◆ **What you are asked to do**
Start at the line with "Constant4/1 -> Divide1/2, Divide2/2, Divide3/2" in the records below, stop at the line with "Constant3/1 -> Divide1/1", and return every line in that span exactly, the two end lines included.

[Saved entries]
= = = = =
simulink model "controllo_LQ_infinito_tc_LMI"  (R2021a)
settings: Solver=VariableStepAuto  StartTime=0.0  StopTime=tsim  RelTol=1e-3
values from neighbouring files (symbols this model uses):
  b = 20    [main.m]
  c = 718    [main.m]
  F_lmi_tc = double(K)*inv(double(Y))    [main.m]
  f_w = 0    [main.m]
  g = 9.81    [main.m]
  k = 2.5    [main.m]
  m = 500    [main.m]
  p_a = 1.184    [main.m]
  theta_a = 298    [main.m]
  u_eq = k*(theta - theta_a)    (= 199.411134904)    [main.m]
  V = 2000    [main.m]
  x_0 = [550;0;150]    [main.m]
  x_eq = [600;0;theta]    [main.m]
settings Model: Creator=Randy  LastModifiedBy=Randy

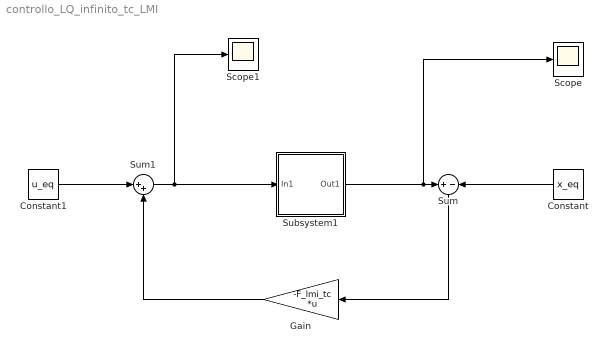
== system controllo_LQ_infinito_tc_LMI ==
  Constant : Constant  Value=x_eq
  Constant1 : Constant  Value=u_eq
  Gain : Gain  Gain=-F_lmi_tc  Multiplication=Matrix(K*u)
  Scope : Scope
  Scope1 : Scope
  Subsystem1 : Subsystem
  Sum : Sum  Inputs=+|-
  Sum1 : Sum  Inputs=|++
  wires:
  Sum/1 -> Gain/1
  Constant/1 -> Sum/2
  Gain/1 -> Sum1/2
  Sum1/1 -> Scope1/1, Subsystem1/1(In1)
  Constant1/1 -> Sum1/1
  Subsystem1/1(Out1) -> Scope/1, Sum/1

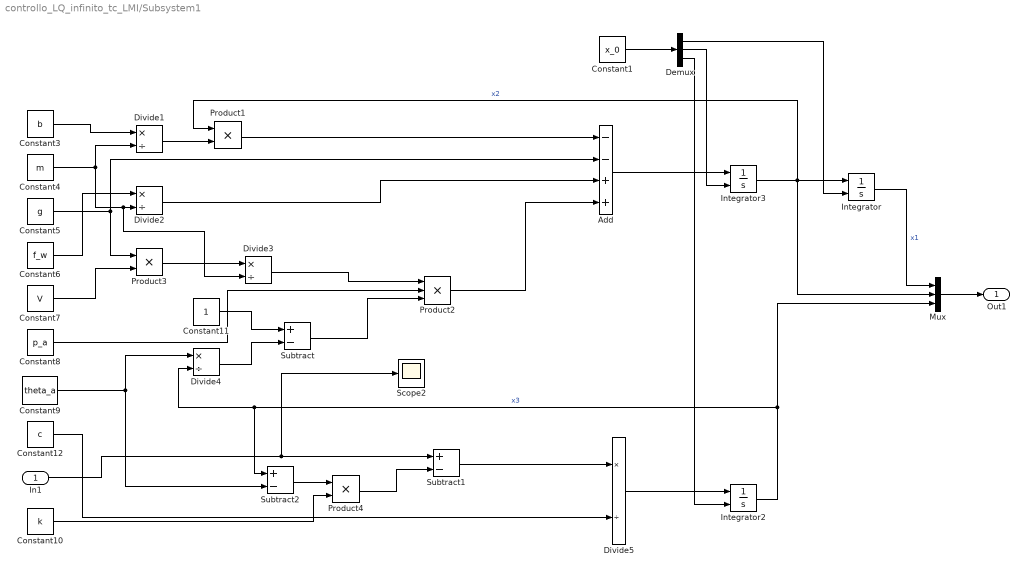
== system controllo_LQ_infinito_tc_LMI/Subsystem1 ==
  In1 : Inport
  Add : Sum  Inputs=--++
  Constant1 : Constant  Value=x_0
  Constant10 : Constant  Value=k
  Constant11 : Constant
  Constant12 : Constant  Value=c
  Constant3 : Constant  Value=b
  Constant4 : Constant  Value=m
  Constant5 : Constant  Value=g
  Constant6 : Constant  Value=f_w
  Constant7 : Constant  Value=V
  Constant8 : Constant  Value=p_a
  Constant9 : Constant  Value=theta_a
  Demux : Demux  Outputs=3
  Divide{1..5} (5 alike) : Product  Inputs=*/
  Integrator : Integrator  InitialConditionSource=external  InitialCondition=680
  Integrator2 : Integrator  InitialConditionSource=external  InitialCondition=200
  Integrator3 : Integrator  InitialConditionSource=external
  Mux : Mux  Inputs=3
  Product1 : Product
  Product2 : Product  Inputs=3
  Product3 : Product
  Product4 : Product
  Scope2 : Scope
  Subtract : Sum  Inputs=+-
  Subtract1 : Sum  Inputs=+-
  Subtract2 : Sum  Inputs=+-
  Out1 : Outport
  wires:
  Integrator2/1 -> Mux/3, Divide4/2, Subtract2/1  "x3"
  Subtract1/1 -> Divide5/1
  Constant6/1 -> Divide2/1
  Constant12/1 -> Divide5/2
  Divide5/1 -> Integrator2/1
  Constant8/1 -> Product2/2
  Add/1 -> Integrator3/1
  Mux/1 -> Out1/1
  Divide3/1 -> Product2/1
  Product1/1 -> Add/1
  Product3/1 -> Divide3/1
  Constant4/1 -> Divide1/2, Divide2/2, Divide3/2
  Integrator/1 -> Mux/1  "x1"
  Divide2/1 -> Add/3
  Integrator3/1 -> Product1/1, Integrator/1, Mux/2  "x2"
  Constant11/1 -> Subtract/1
  Product4/1 -> Subtract1/2
  Constant3/1 -> Divide1/1
  Divide1/1 -> Product1/2
  Subtract2/1 -> Product4/1
  Product2/1 -> Add/4
  Constant7/1 -> Product3/2
  Constant10/1 -> Product4/2
  Divide4/1 -> Subtract/2
  Constant5/1 -> Add/2, Product3/1
  Constant9/1 -> Divide4/1, Subtract2/2
  In1/1 -> Subtract1/1, Scope2/1
  Subtract/1 -> Product2/3
  Constant1/1 -> Demux/1
  Demux/1 -> Integrator/2
  Demux/2 -> Integrator3/2
  Demux/3 -> Integrator2/2
= = = = =
◆ **Solved problem**
  Constant4/1 -> Divide1/2, Divide2/2, Divide3/2
  Integrator/1 -> Mux/1  "x1"
  Divide2/1 -> Add/3
  Integrator3/1 -> Product1/1, Integrator/1, Mux/2  "x2"
  Constant11/1 -> Subtract/1
  Product4/1 -> Subtract1/2
  Constant3/1 -> Divide1/1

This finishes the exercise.